Chegou a tão esperada Honda Hornet 750, que nos deixou um gostinho muito bom na boca pelo seu motor, enorme agilidade e fácil manuseio.

Confesso que queria muito fazer esse teste. Acompanho a saga Hornet desde a sua primeira versão (quando aliás em Espanha não se podia chamar assim), aliás a minha mulher teve uma dessas durante alguns anos, e experimentei as posteriores… que eu nem sempre gostei mais que o anterior (não, novo nem sempre é melhor). Com o “ruído anterior” que a Honda fez com o 2023, confesso que fui um dos que ficou um pouco decepcionado com o resultado final. 
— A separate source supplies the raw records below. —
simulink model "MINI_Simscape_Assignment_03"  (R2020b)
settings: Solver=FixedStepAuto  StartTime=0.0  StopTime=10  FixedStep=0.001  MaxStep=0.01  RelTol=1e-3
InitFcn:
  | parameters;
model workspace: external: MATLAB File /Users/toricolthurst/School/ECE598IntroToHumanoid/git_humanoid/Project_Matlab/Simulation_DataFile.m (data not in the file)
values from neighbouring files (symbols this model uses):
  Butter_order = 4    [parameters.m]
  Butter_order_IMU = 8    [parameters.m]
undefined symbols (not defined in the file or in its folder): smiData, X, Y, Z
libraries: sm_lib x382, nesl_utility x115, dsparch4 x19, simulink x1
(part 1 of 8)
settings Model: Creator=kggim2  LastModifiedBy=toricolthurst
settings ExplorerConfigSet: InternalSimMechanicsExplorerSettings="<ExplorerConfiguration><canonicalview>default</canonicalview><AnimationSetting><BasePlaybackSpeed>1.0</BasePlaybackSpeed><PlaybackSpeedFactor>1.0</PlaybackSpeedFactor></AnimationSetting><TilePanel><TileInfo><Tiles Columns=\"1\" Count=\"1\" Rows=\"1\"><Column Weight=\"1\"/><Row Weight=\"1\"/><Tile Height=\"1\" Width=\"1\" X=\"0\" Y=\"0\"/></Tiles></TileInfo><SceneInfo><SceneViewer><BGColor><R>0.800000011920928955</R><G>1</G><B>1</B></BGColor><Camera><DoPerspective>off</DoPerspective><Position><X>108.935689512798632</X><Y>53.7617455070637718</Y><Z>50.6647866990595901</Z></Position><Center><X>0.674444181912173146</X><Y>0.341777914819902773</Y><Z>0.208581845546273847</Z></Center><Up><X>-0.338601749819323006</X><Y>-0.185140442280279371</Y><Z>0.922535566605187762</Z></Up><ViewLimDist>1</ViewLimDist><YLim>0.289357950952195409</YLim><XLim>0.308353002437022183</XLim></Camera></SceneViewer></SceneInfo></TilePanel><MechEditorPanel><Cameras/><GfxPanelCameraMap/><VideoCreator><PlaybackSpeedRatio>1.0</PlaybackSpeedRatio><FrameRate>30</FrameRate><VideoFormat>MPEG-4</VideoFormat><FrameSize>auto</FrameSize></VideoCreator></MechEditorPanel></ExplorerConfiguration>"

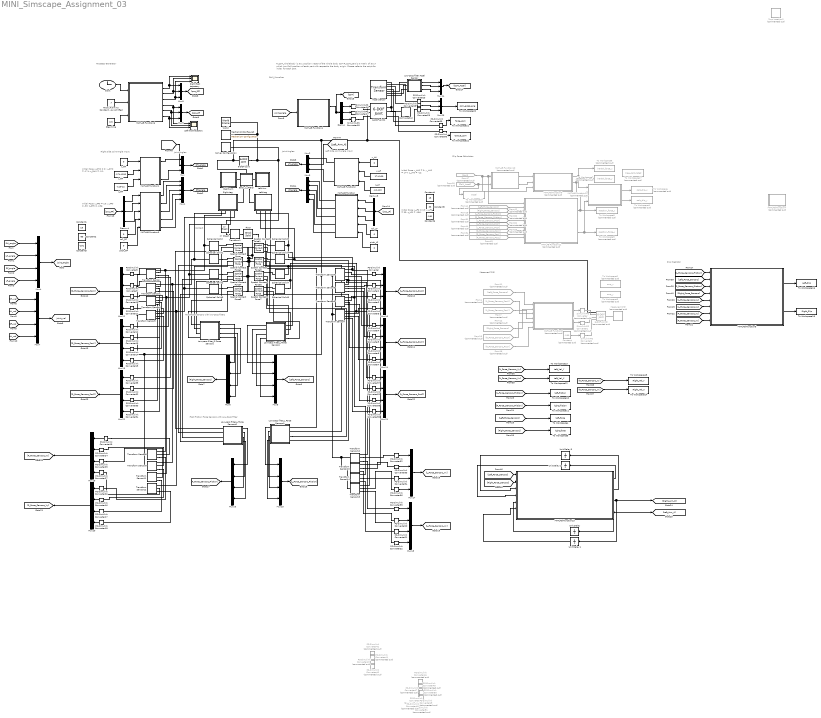
== system MINI_Simscape_Assignment_03 ==
  note: Slip Predictor
  note: P_CoM_wholebody is 3x1 position vector of the whole body CoM
      | P_CoM_part is a matrix of 3x17 which is a CoM position of each part with respect to the body origin. Please refer to the script for index for each part.
  note: Foot Force sensors with low-pass filters
  note: Footstep Generator
  note: CoM_Visualize
  note: Joint Angles
  note: Right Side Joint Angle Input
  note: Left Side Joint Angle Input
  note: Contact
  note: Joint Angles
  note: Initial Pose
      | x_RH0 = 0;
      | y_RH0 = -174;
      | z_RH0 = -12;
  note: Initial Pose
      | x_RF0 = 15;
      | y_RF0 = -33;
      | z_RF0 = -196;
  note: Initial Pose
      | x_LF0 = 15;
      | y_LF0 = 33;
      | z_LF0 = -196;
  note: Initial Pose
      | x_LH0 = 0;
      | y_LH0 = 174;
      | z_LH0 = -12;
  note: Measured ZMP
  note: Slip Force Calculator
  note: Foot Friction Force Sensors with Low-Pass Filter
  6-DOF Joint : sm_lib/Joints/6-DOF Joint  JointMode=Normal  SenseConstraintForce=off  SenseConstraintForceX=off  SenseConstraintForceY=off  SenseConstraintForceZ=off  SenseConstraintTorque=off  SenseConstraintTorqueX=off  SenseConstraintTorqueY=off  SenseConstraintTorqueZ=off  SenseTotalForce=off  SenseTotalForceX=off  SenseTotalForceY=off  SenseTotalForceZ=off  SenseTotalTorque=off  SenseTotalTorqueX=off  SenseTotalTorqueY=off  SenseTotalTorqueZ=off  CompositeWrenchDir=FollowerOnBase  CompositeWrenchFrame=BaseFrame  PxEquilibriumPosition=0  PxEquilibriumPositionUnits=m  PxSpringStiffness=0  PxSpringStiffnessUnits=N/m  PxDampingCoefficient=0  PxDampingCoefficientUnits=N/(m/s)  PxTorqueActuationMode=NoTorque  PxMotionActuationMode=ComputedMotion  PxSensePosition=off  PxSenseVelocity=off  PxSenseAcceleration=off  PxSenseTorqueForce=off  PxSenseLowerLimitTorqueForce=off  PxSenseUpperLimitTorqueForce=off  PxLowerLimitSpecify=off  PxLowerLimitBound=-1  PxLowerLimitBoundUnits=m  PxLowerLimitStiffness=1e6  PxLowerLimitStiffnessUnits=N/m  PxLowerLimitDamping=1e3  PxLowerLimitDampingUnits=N/(m/s)  PxLowerLimitTransitionRegionWidth=1e-4  PxLowerLimitTransitionRegionWidthUnits=m  PxUpperLimitSpecify=off  PxUpperLimitBound=1  PxUpperLimitBoundUnits=m  PxUpperLimitStiffness=1e6  PxUpperLimitStiffnessUnits=N/m  PxUpperLimitDamping=1e3  PxUpperLimitDampingUnits=N/(m/s)  PxUpperLimitTransitionRegionWidth=1e-4  PxUpperLimitTransitionRegionWidthUnits=m  PxPositionTargetSpecify=off  PxPositionTargetPriority=High  PxPositionTargetValue=0  PxPositionTargetValueUnits=m  PxVelocityTargetSpecify=off  PxVelocityTargetPriority=High  PxVelocityTargetValue=0  PxVelocityTargetValueUnits=m/s  PyEquilibriumPosition=0  PyEquilibriumPositionUnits=m  PySpringStiffness=0  PySpringStiffnessUnits=N/m  PyDampingCoefficient=0  PyDampingCoefficientUnits=N/(m/s)  PyTorqueActuationMode=NoTorque  PyMotionActuationMode=ComputedMotion  PySensePosition=off  PySenseVelocity=off  PySenseAcceleration=off  PySenseTorqueForce=off  PySenseLowerLimitTorqueForce=off  PySenseUpperLimitTorqueForce=off  PyLowerLimitSpecify=off  PyLowerLimitBound=-1  PyLowerLimitBoundUnits=m  PyLowerLimitStiffness=1e6  PyLowerLimitStiffnessUnits=N/m  PyLowerLimitDamping=1e3  PyLowerLimitDampingUnits=N/(m/s)  PyLowerLimitTransitionRegionWidth=1e-4  PyLowerLimitTransitionRegionWidthUnits=m  PyUpperLimitSpecify=off  PyUpperLimitBound=1  PyUpperLimitBoundUnits=m  PyUpperLimitStiffness=1e6  PyUpperLimitStiffnessUnits=N/m  PyUpperLimitDamping=1e3  PyUpperLimitDampingUnits=N/(m/s)  PyUpperLimitTransitionRegionWidth=1e-4  PyUpperLimitTransitionRegionWidthUnits=m  PyPositionTargetSpecify=off  PyPositionTargetPriority=High  PyPositionTargetValue=0  PyPositionTargetValueUnits=m  PyVelocityTargetSpecify=off  PyVelocityTargetPriority=High  PyVelocityTargetValue=0  PyVelocityTargetValueUnits=m/s  PzEquilibriumPosition=0  PzEquilibriumPositionUnits=m  PzSpringStiffness=0  PzSpringStiffnessUnits=N/m  PzDampingCoefficient=0  PzDampingCoefficientUnits=N/(m/s)  PzTorqueActuationMode=NoTorque  PzMotionActuationMode=ComputedMotion  PzSensePosition=off  PzSenseVelocity=off  PzSenseAcceleration=off  PzSenseTorqueForce=off  PzSenseLowerLimitTorqueForce=off  PzSenseUpperLimitTorqueForce=off  PzLowerLimitSpecify=off  PzLowerLimitBound=-1  PzLowerLimitBoundUnits=m  PzLowerLimitStiffness=1e6  PzLowerLimitStiffnessUnits=N/m  PzLowerLimitDamping=1e3  PzLowerLimitDampingUnits=N/(m/s)  PzLowerLimitTransitionRegionWidth=1e-4  PzLowerLimitTransitionRegionWidthUnits=m  PzUpperLimitSpecify=off  PzUpperLimitBound=1  PzUpperLimitBoundUnits=m  PzUpperLimitStiffness=1e6  PzUpperLimitStiffnessUnits=N/m  PzUpperLimitDamping=1e3  PzUpperLimitDampingUnits=N/(m/s)  PzUpperLimitTransitionRegionWidth=1e-4  PzUpperLimitTransitionRegionWidthUnits=m  PzPositionTargetSpecify=off  PzPositionTargetPriority=High  PzPositionTargetValue=0  PzPositionTargetValueUnits=m  PzVelocityTargetSpecify=off  PzVelocityTargetPriority=High  PzVelocityTargetValue=0  PzVelocityTargetValueUnits=m/s  SphDefPosRotationMethod=None  SphDefPosRotationAngleUnits=deg  SphDefPosRotationStandardAxis=+Z  SphDefPosRotationAngle=0.0  SphDefPosRotationArbitraryAxis=[0 0 1]  SphDefPosFollAlignAxisA=+X  SphDefPosBaseAlignAxisA=+Y  SphDefPosFollAlignAxisB=+Y  SphDefPosBaseAlignAxisB=+Z  SphDefPosRotationSequenceAxes=FollowerAxes  SphDefPosRotationSequence=XYX  SphDefPosRotationSequenceAngles=[0 0 0]  SphDefPosRotationSequenceAnglesUnits=deg  SphDefPosRotationMatrix=[1 0 0; 0 1 0; 0 0 1]  SphEqPosRotationMethod=None  SphEqPosRotationAngleUnits=deg  SphEqPosRotationStandardAxis=+Z  SphEqPosRotationAngle=0.0  SphEqPosRotationArbitraryAxis=[0 0 1]  SphEqPosFollAlignAxisA=+X  SphEqPosBaseAlignAxisA=+Y  SphEqPosFollAlignAxisB=+Y  SphEqPosBaseAlignAxisB=+Z  SphEqPosRotationSequenceAxes=FollowerAxes  SphEqPosRotationSequence=XYX  SphEqPosRotationSequenceAngles=[0 0 0]  SphEqPosRotationSequenceAnglesUnits=deg  SphEqPosRotationMatrix=[1 0 0; 0 1 0; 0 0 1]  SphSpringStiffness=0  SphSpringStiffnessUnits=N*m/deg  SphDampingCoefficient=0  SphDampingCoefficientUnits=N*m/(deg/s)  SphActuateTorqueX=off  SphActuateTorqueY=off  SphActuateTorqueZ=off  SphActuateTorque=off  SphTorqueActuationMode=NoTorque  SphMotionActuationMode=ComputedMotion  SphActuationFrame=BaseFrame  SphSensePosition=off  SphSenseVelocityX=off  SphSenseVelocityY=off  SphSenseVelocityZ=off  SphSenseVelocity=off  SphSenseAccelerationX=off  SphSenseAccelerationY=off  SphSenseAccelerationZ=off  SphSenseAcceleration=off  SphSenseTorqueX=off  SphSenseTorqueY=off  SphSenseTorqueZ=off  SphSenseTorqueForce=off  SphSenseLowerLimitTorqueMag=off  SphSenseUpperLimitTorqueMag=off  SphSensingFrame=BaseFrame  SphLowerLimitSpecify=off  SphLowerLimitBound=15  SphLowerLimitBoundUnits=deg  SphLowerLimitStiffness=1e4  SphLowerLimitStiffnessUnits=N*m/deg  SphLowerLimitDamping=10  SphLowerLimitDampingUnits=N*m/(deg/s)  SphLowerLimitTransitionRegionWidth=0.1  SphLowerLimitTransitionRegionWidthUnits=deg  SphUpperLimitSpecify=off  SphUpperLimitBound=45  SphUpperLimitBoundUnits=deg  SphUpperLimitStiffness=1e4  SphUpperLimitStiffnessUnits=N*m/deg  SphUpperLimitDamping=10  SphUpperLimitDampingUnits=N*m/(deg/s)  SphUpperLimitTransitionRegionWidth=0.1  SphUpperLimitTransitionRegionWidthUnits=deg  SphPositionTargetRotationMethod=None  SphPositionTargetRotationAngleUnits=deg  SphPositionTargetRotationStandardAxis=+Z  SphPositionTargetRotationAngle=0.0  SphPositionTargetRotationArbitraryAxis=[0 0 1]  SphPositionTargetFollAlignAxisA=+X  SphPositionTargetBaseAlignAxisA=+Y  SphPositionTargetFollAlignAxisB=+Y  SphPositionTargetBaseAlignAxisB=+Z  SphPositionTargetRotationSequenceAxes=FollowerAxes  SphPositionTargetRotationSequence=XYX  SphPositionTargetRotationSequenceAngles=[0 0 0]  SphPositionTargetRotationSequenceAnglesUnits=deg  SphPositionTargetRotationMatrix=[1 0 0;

Entendi que não poderia ter motor de quatro cilindros (ou três) mas a nível estético ou de equipamento esperava mais . Não quero antecipar, mas a verdade é que o objetivo da Honda era lançar um best-seller, e esse é um objetivo mais do que alcançado na minha opinião. É por isso que chamo de “ bom e barato ”, porque é. E bem, “bonito” para completar os famosos “três B” já… é discutível. Com este Hornet 750 2023 posso ficar com as minhas “coisinhas”, mas comparado a qualquer rival não posso deixar de recomendar a sua compra a quem me perguntar… vamos ver o porquê.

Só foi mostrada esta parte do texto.